A company’s biggest security threat isn’t the sinister hacker trying to break into the corporate network, but employees and partners with easy access to company information.
Just ask Apple Computer, which filed two lawsuits in December accusing insiders and partners of leaking proprietary information. In one case, Apple is suing two men it says distributed prerelease versions of Tiger, the next iteration of Mac OS X. In a separate action, it is suing unnamed individuals who leaked details about a forthcoming music device code-named Asteroid.
Apple’s not the only company that’s found sensitive internal information leaked to the public. Big names such as America Online, Microsoft and Cisco Systems have also been victims. Research indicates that most security breaches are inside jobs. A recent Ponemon Institute survey of 163 Fortune 1000 companies found that roughly 70 percent of all reported security breaches were due to insiders.
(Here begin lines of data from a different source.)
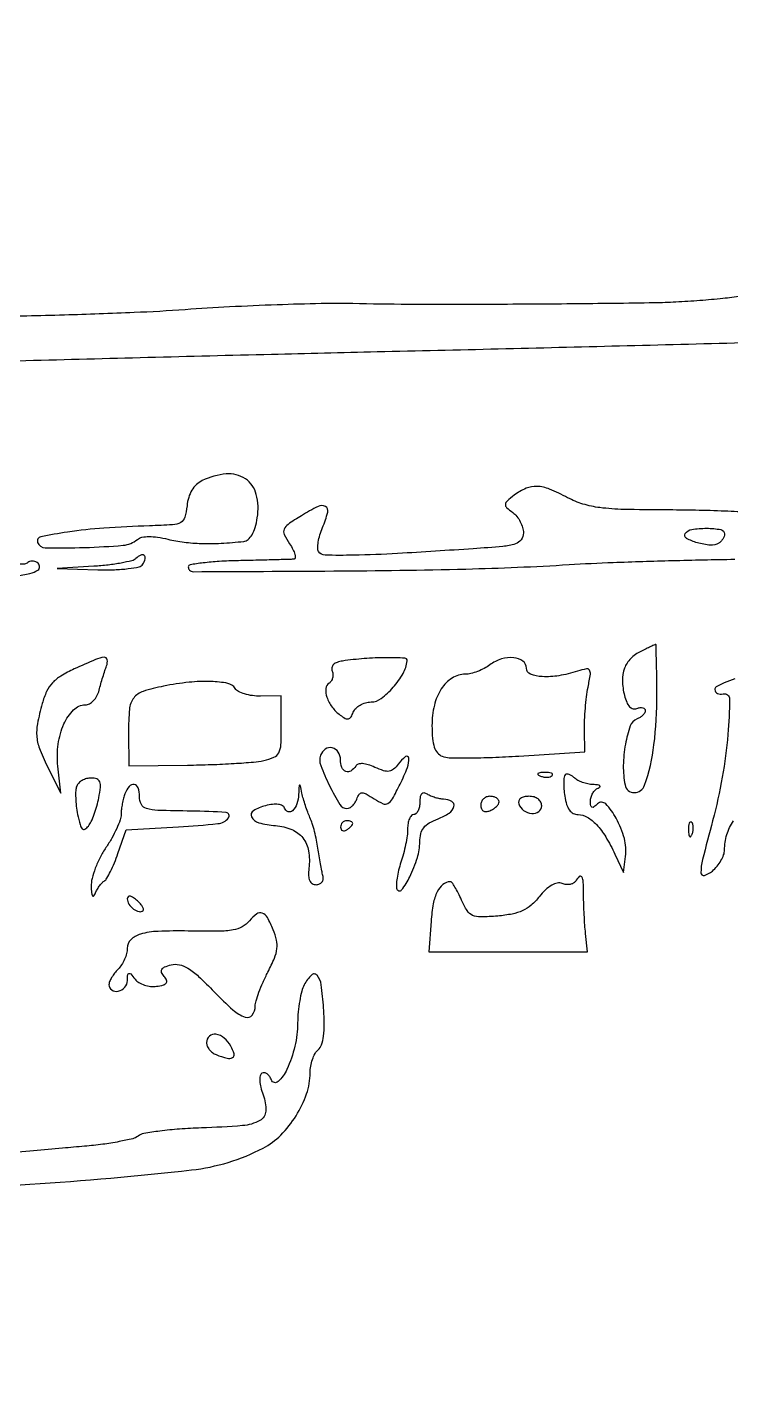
# Model space of a CAD drawing. Extents: x 0 to 2558, y 0 to 3412.
# Drawn here: x 1005.5 to 1121.1, y 723.7 to 945.2 of the extents above; entities that cross this region are included whole.
import ezdxf

# ---------------------------------------------------------------- set-up
doc = ezdxf.new("R2010")
doc.units = 0

msp = doc.modelspace()

# ---------------------------------------------------------------- linework, layer by layer
for points in [[(1286.775, 2242.902503, 0.000001), (1177.44536, 2242.627485, 0.134519)], [(1176.555032, 2242.380365, -0.000002), (1098.265318, 2241.934774, -0.000173)], [(1319.866449, 1231.417086, 0.007685), (1320.536456, 1213.5593, 0.010243), (1321.281431, 1203.421734, 0.386908), (1322.843325, 1201.999537, 0.183699), (1323.666424, 1202.31224, 0.136577), (1324.198222, 1203.136634, 0.058831), (1324.496883, 1204.742271, 0.010899), (1324.631041, 1207.749537, -0.000005), (1324.704195, 1210.958263, -0.000001), (1324.831971, 1216.559674, -0.000001), (1324.980176, 1223.055371, -0.000001), (1325.131041, 1229.666374, -0.003312)], [(1347, 900.068317, 0.000002), (1365.687198, 900.484728, 0.000002), (1385.0375, 900.916042, 0.000002), (1402.386564, 901.302857, 0.000005)], [(797.930856, 884.789143, -0.002059), (836, 885.566909, 0.001494), (848.181935, 885.802027, 0.002321), (858.6875, 886.08499, 0.000677), (867.815653, 886.385628, 0.076244), (869, 886.609069, -0.075814), (870.205662, 886.8376, -0.000398), (882.25, 887.261628, -0.001757), (895.983813, 887.685861, -0.001112), (912, 888.088606, 0.000401), (930.473796, 888.526857, 0.000264), (951.7375, 889.059581, 0.000265), (972.432542, 889.599968, 0.000512), (989, 890.058341, -0.000474), (1005.365676, 890.512381, -0.000261), (1025.38125, 891.038254, -0.00026), (1045.681632, 891.550443, -0.000417), (1063, 891.963915, 0.000553), (1102.768761, 892.924206, 0.000535), (1142.974919, 893.982658, 0.000561)], [(1122.672325, 901.05584, -0.013049), (1119.739328, 900.678828, -0.00628), (1115.963121, 900.341148, -0.006222), (1112.013596, 900.087306, -0.008861), (1108.5, 899.967734, -0.001823), (1094.986834, 899.796782, -0.0016), (1080.871682, 899.714868, -0.001624), (1068.057424, 899.723146, -0.004442), (1059, 899.838893, 0.0104), (1053.798952, 899.843376, 0.00402), (1046.590625, 899.641651, 0.003978), (1038.777955, 899.297884, 0.004905), (1031.5, 898.847984, -0.007479), (1023.134345, 898.374055, -0.002999), (1011.677637, 897.965596, -0.002966), (999.324243, 897.672672, -0.003743)], [(1124.148002, 865.5878, 0.004827), (1120.037601, 865.793377, 0.005165), (1115.221546, 865.937852, 0.004691), (1110.246376, 865.988994, -0.005689), (1103.503915, 866.071771, -0.025379), (1099.55986, 866.365753, -0.042367), (1096.766385, 866.960665, -0.049413), (1094.261185, 868, 0.02533), (1091.297591, 869.40012, 0.086303), (1089.2214, 869.861192, 0.113382), (1087.433124, 869.536797, 0.062027), (1085.5, 868.406367, 0.016594), (1084.31341, 867.43454, 0.193157), (1084.047181, 866.910137, 0.234419), (1084.244683, 866.40448, 0.0249), (1085.25, 865.577928, -0.065418), (1085.919703, 864.929862, -0.047429), (1086.485938, 864.05874, -0.047917), (1086.871449, 863.109649, -0.072645), (1087, 862.229527, -0.159099), (1086.633528, 861.106966, -0.159706), (1085.675806, 860.418961, -0.054016), (1083.625606, 860.007016, -0.005697), (1078.75, 859.621201, -0.002194), (1066.363646, 858.837514, -0.010101), (1059.177922, 858.560039, -0.009261), (1054.447203, 858.560646, -0.254962), (1053.404232, 859.154956, -0.145862), (1053.252049, 859.718192, -0.03348), (1053.344275, 860.709962, -0.031863), (1053.610941, 861.8839, -0.026413), (1054.038282, 863.092422, 0.032134), (1054.898227, 865.615748, 0.342954), (1054.506332, 866.551628, 0.250111), (1053.314407, 866.579408, 0.021681), (1050.574228, 865.045875, 0.01216), (1048.375572, 863.611997, 0.143732), (1047.738994, 862.829734, 0.215653), (1047.762332, 861.972948, 0.032012), (1048.636638, 860.431808, -0.025168), (1049.186577, 859.492599, -0.049446), (1049.507867, 858.689542, -0.082702), (1049.573014, 858.134026, -0.372187), (1049.36501, 857.915569, -0.016887), (1048.749873, 857.876438, -0.000577), (1046.33341, 857.807303, -0.001084), (1043.479451, 857.735137, -0.000756), (1040.259366, 857.665569, 0.009692), (1037.099268, 857.540769, 0.015968), (1034.436857, 857.29839, 0.009791), (1032.306342, 856.993154, 0.364655), (1032.010014, 856.6481, 0.418287), (1032.791618, 855.861339, 0.000586), (1055.879841, 855.972828, 0.004515), (1077.567962, 856.298847, 0.009362), (1094.48377, 857.023022, -0.006113), (1101.748322, 857.38132, -0.002662), (1111.404608, 857.687829, -0.002633), (1121.669917, 857.904879, -0.003506)], [(1121.685313, 838.266046, 0.025849), (1119.943677, 837.607326, 0.023464), (1118.648436, 836.965283, 0.297666), (1118.406786, 836.506787, 0.135645), (1118.541891, 836.151326, 0.116708), (1118.847108, 835.891327, 0.099685), (1119.280747, 835.769216, 0.075519), (1119.774857, 835.806332, -0.485223), (1120.820609, 834.964496, -0.018087), (1120.549919, 829.16881, -0.023386), (1119.635445, 822.152541, -0.021067), (1118.047271, 815, 0.003574), (1116.394033, 808.618125, 0.060226), (1116.120679, 806.46057, 0.501684), (1116.695671, 806.026601, 0.10656), (1118, 806.732028, 0.044441), (1118.765265, 807.515138, 0.039726), (1119.4125, 808.449843, 0.041915), (1119.857499, 809.389109, 0.089908), (1120, 810.175188, -0.073741), (1120.37546, 812.707134, -0.079562), (1121.467649, 814.949661, -0.089594)], [(957.175128, 752.689722, 0.005271), (1006.030333, 755.341461, 0.011736), (1032.530834, 757.685876, 0.092357), (1044.292482, 761.271385, 0.077596), (1047.192591, 763.408059, 0.055611), (1049.696958, 766.570198, 0.05609), (1051.420593, 770.169005, 0.083846), (1052, 773.599919, -0.043715), (1052.097, 774.707248, -0.039694), (1052.385608, 775.818517, -0.041995), (1052.808943, 776.773185, -0.09212), (1053.312707, 777.389757, 0.13603), (1053.879674, 778.221405, 0.049152), (1054.20829, 779.626539, 0.035534), (1054.327579, 781.596688, 0.014951), (1054.220157, 784.25, 0.016306), (1053.824001, 788.083624, 0.140912), (1053.13742, 789.639588, 0.442714), (1052.223313, 789.677727, 0.072009), (1051.035184, 788.065741, 0.060423), (1050.633325, 787.031799, 0.019838), (1050.291773, 785.431922, 0.019435), (1050.050244, 783.609926, 0.020807), (1049.958084, 781.815741, -0.055825), (1049.49189, 777.989601, -0.049146), (1048.184359, 774.184613, -0.098275), (1046.740631, 772.1841, -0.531506), (1045.664031, 772.433138, 0.057523), (1045.34748, 773.039212, 0.088215), (1044.935206, 773.462498, 0.118619), (1044.496518, 773.641014, 0.177816), (1044.095559, 773.559059, 0.209304), (1043.799507, 773.130538, 0.062618), (1043.745259, 772.32023, 0.04792), (1043.911264, 771.25076, 0.027798), (1044.302462, 770.009643, -0.100298), (1044.732851, 767.359506, -0.266111), (1043.75132, 765.790796, -0.103494), (1040.913929, 764.958656, -0.0116), (1034.162941, 764.581392, 0.010045), (1030.578467, 764.39226, 0.013593), (1027.350699, 764.068442, 0.010551), (1024.700905, 763.672647, 0.128484), (1023.773484, 763.252978, -0.111067), (1022.889747, 762.815921, -0.012274), (1020.670961, 762.334858, -0.014484), (1017.965217, 761.898215, -0.011245), (1015, 761.575097, 0.000528), (1011.386993, 761.259573, 0.000234), (1006.61875, 760.835834, 0.000232), (1001.568535, 760.382292, 0.000313)]]:
    msp.add_lwpolyline(points, format="xyb")
for points in [[(1034.30375, 870.803489, 0.075311), (1033.345286, 870.147169, 0.069629), (1032.594228, 869.220296, 0.063577), (1032.075792, 868.043545, 0.047546), (1031.80375, 866.651375, -0.044144), (1031.451039, 864.778915, -0.204957), (1030.775427, 863.941275, -0.106669), (1029.42786, 863.560749, -0.008212), (1025.648072, 863.385787, 0.010015), (1018.173433, 863.012783, 0.019333), (1012.219347, 862.363903, 0.015891), (1007.802807, 861.564822, 0.451312), (1007.296696, 860.664533, 0.315685), (1008.542749, 859.768415, 0.01042), (1014.996515, 859.826074, 0.014119), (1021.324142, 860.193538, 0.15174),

“It’s much more glamorous to think of the hacker who works for some large cyber-crime ring,” said Larry Ponemon, head of the Tuscon, Ariz., think tank. “But in reality, those characters only make up a small percent of the problem.”
For more than a decade, corporations have erected digital perimeters to keep outsiders off their networks. But now discontented, reckless and greedy employees, and disgruntled former workers, can all be bigger threats than the mysterious hacker. And as more companies outsource portions of their business, vital company information can easily fall into the wrong hands.